*** Opening Records supplied ***

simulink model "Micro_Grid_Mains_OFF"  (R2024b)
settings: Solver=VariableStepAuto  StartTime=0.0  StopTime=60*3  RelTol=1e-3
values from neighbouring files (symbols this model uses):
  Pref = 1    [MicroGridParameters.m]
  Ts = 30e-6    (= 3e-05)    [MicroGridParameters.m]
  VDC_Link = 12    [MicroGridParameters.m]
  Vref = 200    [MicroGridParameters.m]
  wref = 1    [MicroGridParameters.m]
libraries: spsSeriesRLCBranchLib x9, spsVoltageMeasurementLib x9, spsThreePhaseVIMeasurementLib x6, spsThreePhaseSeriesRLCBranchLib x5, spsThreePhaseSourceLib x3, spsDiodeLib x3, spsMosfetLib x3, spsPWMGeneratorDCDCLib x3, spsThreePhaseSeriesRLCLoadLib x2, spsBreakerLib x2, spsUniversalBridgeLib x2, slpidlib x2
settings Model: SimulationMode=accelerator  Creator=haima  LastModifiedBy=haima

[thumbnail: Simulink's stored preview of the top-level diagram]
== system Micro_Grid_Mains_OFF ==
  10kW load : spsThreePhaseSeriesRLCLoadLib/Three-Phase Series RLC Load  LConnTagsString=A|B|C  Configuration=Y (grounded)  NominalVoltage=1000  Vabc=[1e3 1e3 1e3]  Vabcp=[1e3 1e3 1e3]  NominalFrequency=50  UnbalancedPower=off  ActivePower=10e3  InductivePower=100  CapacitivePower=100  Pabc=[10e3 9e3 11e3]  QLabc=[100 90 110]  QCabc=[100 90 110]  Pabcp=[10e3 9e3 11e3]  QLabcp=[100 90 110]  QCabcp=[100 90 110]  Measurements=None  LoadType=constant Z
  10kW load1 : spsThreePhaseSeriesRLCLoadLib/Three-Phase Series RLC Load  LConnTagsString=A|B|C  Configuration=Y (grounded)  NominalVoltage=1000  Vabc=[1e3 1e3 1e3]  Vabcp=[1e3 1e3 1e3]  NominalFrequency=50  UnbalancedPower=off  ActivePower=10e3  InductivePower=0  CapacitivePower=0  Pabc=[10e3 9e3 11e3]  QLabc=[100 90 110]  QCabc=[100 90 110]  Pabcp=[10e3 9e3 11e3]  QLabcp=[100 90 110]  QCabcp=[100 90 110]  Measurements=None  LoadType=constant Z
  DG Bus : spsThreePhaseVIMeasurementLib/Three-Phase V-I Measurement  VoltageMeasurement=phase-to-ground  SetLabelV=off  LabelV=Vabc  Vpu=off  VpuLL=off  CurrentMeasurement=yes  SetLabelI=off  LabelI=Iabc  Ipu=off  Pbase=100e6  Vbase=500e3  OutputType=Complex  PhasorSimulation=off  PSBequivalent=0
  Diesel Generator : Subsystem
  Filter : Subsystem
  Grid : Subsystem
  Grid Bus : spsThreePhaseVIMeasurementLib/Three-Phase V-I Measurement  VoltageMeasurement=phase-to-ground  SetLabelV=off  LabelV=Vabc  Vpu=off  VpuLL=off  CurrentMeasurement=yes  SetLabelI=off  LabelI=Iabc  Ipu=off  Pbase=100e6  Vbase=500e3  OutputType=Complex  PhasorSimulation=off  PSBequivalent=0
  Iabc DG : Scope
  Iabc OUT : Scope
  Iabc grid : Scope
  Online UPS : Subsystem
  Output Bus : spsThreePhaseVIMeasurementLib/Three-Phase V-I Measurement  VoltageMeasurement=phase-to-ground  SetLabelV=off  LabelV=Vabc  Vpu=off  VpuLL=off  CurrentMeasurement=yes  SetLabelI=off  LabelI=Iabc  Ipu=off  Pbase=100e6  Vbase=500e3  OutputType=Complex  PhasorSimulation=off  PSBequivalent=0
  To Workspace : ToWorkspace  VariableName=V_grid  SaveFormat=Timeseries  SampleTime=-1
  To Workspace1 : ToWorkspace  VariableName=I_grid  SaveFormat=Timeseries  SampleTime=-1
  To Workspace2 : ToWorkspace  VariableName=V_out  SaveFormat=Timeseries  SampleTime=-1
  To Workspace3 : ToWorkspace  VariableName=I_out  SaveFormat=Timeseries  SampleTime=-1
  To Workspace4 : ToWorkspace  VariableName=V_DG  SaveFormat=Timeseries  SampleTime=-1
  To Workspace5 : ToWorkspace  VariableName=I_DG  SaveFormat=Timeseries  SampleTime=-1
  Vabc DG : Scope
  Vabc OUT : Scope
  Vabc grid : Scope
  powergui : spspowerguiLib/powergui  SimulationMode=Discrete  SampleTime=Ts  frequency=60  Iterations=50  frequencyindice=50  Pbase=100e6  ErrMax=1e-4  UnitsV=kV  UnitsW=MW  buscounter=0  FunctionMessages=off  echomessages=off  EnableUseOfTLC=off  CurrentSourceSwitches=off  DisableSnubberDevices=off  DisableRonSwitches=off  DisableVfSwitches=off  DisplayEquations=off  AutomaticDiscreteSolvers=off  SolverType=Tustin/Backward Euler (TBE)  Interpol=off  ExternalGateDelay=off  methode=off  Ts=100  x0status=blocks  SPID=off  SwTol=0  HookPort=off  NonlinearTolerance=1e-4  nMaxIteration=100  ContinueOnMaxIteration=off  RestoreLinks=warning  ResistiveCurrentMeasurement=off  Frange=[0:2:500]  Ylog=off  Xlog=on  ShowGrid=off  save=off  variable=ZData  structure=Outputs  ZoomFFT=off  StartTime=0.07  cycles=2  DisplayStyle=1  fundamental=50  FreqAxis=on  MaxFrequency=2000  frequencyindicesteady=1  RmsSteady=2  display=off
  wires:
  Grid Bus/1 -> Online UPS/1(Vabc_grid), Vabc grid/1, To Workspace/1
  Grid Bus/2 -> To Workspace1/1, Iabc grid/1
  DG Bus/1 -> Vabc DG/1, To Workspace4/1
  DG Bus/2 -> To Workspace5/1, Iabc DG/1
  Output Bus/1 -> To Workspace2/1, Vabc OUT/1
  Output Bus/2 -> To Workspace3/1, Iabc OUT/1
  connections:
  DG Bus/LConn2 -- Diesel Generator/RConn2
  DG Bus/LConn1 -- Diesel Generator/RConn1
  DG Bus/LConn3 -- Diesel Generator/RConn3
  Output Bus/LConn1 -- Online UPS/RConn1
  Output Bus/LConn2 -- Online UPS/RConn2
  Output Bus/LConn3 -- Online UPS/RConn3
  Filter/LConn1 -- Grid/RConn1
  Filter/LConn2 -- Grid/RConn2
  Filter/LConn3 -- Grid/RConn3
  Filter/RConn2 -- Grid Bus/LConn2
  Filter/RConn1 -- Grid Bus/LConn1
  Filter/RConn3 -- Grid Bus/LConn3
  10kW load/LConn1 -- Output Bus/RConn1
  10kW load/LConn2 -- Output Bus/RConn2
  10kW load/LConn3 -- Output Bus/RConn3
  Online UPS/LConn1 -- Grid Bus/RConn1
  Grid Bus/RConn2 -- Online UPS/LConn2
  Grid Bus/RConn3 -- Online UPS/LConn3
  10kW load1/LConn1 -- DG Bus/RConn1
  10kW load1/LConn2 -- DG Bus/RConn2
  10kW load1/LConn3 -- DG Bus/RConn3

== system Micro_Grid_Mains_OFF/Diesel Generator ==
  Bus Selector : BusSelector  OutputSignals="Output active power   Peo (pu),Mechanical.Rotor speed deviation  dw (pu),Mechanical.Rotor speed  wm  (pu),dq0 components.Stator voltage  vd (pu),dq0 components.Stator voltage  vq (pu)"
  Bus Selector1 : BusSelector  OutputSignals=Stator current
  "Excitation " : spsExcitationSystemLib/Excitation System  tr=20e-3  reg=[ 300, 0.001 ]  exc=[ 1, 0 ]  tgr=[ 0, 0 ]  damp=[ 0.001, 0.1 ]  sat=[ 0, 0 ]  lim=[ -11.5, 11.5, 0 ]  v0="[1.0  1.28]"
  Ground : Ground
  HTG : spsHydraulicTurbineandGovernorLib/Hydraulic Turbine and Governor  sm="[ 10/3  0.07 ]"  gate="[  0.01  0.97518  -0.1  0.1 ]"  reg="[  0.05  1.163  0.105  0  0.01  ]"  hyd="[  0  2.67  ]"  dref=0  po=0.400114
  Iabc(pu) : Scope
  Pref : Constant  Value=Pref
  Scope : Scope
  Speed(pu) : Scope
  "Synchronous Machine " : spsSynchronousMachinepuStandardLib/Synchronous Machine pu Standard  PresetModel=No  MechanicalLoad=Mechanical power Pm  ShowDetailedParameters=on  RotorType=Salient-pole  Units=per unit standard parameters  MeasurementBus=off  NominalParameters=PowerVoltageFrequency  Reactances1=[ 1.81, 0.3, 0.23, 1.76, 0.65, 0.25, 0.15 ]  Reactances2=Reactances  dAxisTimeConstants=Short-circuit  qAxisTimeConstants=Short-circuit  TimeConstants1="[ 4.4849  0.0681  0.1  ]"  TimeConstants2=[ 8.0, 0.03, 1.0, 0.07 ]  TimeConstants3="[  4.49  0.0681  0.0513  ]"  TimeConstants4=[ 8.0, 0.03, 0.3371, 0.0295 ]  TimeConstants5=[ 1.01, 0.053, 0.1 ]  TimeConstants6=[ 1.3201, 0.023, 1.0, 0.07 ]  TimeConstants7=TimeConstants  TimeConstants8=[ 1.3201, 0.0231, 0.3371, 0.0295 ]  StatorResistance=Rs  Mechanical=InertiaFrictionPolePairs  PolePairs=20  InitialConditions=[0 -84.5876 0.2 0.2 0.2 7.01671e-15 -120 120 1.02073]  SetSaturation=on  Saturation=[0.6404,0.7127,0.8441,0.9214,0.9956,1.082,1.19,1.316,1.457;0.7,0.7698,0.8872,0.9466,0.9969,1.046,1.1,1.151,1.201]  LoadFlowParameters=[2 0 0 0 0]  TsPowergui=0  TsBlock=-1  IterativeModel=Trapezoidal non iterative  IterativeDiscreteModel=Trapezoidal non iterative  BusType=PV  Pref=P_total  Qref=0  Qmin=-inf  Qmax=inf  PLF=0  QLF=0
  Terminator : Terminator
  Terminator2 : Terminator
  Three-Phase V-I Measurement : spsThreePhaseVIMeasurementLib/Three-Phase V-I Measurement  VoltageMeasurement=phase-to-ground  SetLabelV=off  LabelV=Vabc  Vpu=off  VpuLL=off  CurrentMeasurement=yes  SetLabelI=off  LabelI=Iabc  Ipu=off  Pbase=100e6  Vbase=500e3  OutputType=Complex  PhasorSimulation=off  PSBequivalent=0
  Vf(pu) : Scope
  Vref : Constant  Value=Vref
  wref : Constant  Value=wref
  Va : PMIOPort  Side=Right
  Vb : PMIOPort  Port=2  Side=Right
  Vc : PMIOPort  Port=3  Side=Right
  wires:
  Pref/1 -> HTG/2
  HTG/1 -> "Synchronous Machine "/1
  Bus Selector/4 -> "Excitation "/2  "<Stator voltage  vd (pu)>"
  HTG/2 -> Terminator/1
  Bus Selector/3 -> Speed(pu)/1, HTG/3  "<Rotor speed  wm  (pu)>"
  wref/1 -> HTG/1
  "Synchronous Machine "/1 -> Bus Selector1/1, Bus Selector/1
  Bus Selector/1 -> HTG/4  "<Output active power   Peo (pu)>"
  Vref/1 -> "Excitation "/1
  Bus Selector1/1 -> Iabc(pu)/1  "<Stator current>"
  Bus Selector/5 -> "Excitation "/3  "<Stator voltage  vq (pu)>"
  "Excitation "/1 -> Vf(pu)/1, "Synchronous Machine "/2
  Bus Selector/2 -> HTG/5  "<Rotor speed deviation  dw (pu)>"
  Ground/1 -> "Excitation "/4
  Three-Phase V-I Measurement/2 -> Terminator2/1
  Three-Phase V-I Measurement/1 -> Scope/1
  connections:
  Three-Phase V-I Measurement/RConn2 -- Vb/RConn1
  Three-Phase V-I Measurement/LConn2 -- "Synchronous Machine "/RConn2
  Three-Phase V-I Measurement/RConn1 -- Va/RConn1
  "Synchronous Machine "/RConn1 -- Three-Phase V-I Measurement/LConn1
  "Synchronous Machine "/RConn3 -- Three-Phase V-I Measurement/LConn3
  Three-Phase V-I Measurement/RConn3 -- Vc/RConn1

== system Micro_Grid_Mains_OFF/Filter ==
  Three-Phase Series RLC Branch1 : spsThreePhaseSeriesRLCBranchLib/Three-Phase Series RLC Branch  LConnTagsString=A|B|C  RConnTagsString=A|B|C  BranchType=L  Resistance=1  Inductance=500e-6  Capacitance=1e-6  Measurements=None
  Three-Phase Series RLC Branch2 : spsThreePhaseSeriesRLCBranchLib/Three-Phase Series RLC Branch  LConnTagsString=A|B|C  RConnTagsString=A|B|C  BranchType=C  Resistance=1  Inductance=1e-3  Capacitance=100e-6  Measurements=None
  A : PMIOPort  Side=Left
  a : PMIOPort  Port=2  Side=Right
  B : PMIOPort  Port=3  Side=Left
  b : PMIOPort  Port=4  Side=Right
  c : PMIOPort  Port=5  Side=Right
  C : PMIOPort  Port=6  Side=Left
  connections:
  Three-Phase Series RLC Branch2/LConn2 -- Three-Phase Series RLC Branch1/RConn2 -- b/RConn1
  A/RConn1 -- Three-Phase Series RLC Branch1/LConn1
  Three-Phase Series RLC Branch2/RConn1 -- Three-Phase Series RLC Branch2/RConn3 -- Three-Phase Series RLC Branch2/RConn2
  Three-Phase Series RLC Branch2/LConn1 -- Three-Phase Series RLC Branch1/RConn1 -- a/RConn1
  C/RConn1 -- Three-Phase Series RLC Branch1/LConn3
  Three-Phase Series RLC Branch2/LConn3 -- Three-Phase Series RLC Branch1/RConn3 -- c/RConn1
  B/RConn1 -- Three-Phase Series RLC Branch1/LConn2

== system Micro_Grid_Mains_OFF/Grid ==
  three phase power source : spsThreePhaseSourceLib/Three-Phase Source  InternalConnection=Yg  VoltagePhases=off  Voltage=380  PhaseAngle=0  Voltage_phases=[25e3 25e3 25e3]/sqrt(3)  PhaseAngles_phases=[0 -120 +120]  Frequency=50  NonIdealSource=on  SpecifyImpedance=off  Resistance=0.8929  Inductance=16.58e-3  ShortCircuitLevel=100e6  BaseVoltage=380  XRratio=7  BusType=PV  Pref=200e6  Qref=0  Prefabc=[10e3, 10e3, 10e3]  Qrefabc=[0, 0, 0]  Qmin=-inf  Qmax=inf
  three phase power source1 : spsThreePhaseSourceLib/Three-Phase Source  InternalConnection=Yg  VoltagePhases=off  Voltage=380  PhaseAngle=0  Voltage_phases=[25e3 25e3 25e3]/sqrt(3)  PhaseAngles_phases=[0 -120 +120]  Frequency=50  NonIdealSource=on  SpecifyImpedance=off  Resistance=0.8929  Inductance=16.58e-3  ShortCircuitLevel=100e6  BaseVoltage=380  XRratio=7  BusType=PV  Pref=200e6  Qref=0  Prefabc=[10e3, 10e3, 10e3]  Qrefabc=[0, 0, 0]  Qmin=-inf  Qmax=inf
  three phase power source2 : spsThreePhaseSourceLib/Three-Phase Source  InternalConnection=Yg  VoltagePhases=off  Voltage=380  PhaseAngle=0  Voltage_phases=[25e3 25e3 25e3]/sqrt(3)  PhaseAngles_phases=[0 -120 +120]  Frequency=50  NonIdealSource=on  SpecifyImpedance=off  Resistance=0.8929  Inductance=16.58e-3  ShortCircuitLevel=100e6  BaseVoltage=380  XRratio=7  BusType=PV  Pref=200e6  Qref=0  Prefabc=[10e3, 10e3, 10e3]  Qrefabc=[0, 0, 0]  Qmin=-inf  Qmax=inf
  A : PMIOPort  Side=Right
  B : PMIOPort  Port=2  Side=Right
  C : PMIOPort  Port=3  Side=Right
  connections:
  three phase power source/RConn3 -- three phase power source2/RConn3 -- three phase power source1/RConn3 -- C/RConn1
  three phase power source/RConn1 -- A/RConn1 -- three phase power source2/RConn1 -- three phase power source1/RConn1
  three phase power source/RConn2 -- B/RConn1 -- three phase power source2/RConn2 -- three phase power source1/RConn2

*** Closing Records supplied ***

• How to complete this task
Give back the listing exactly, please, from its first line to the line containing "10kW load1 : spsThreePhaseSeriesRLCLoadLib/Three-Phase", inclusive, and nothing past that line.

• Response below
simulink model "Micro_Grid_Mains_OFF"  (R2024b)
settings: Solver=VariableStepAuto  StartTime=0.0  StopTime=60*3  RelTol=1e-3
values from neighbouring files (symbols this model uses):
  Pref = 1    [MicroGridParameters.m]
  Ts = 30e-6    (= 3e-05)    [MicroGridParameters.m]
  VDC_Link = 12    [MicroGridParameters.m]
  Vref = 200    [MicroGridParameters.m]
  wref = 1    [MicroGridParameters.m]
libraries: spsSeriesRLCBranchLib x9, spsVoltageMeasurementLib x9, spsThreePhaseVIMeasurementLib x6, spsThreePhaseSeriesRLCBranchLib x5, spsThreePhaseSourceLib x3, spsDiodeLib x3, spsMosfetLib x3, spsPWMGeneratorDCDCLib x3, spsThreePhaseSeriesRLCLoadLib x2, spsBreakerLib x2, spsUniversalBridgeLib x2, slpidlib x2
settings Model: SimulationMode=accelerator  Creator=haima  LastModifiedBy=haima

[thumbnail: Simulink's stored preview of the top-level diagram]
== system Micro_Grid_Mains_OFF ==
  10kW load : spsThreePhaseSeriesRLCLoadLib/Three-Phase Series RLC Load  LConnTagsString=A|B|C  Configuration=Y (grounded)  NominalVoltage=1000  Vabc=[1e3 1e3 1e3]  Vabcp=[1e3 1e3 1e3]  NominalFrequency=50  UnbalancedPower=off  ActivePower=10e3  InductivePower=100  CapacitivePower=100  Pabc=[10e3 9e3 11e3]  QLabc=[100 90 110]  QCabc=[100 90 110]  Pabcp=[10e3 9e3 11e3]  QLabcp=[100 90 110]  QCabcp=[100 90 110]  Measurements=None  LoadType=constant Z
  10kW load1 : spsThreePhaseSeriesRLCLoadLib/Three-Phase Series RLC Load  LConnTagsString=A|B|C  Configuration=Y (grounded)  NominalVoltage=1000  Vabc=[1e3 1e3 1e3]  Vabcp=[1e3 1e3 1e3]  NominalFrequency=50  UnbalancedPower=off  ActivePower=10e3  InductivePower=0  CapacitivePower=0  Pabc=[10e3 9e3 11e3]  QLabc=[100 90 110]  QCabc=[100 90 110]  Pabcp=[10e3 9e3 11e3]  QLabcp=[100 90 110]  QCabcp=[100 90 110]  Measurements=None  LoadType=constant Z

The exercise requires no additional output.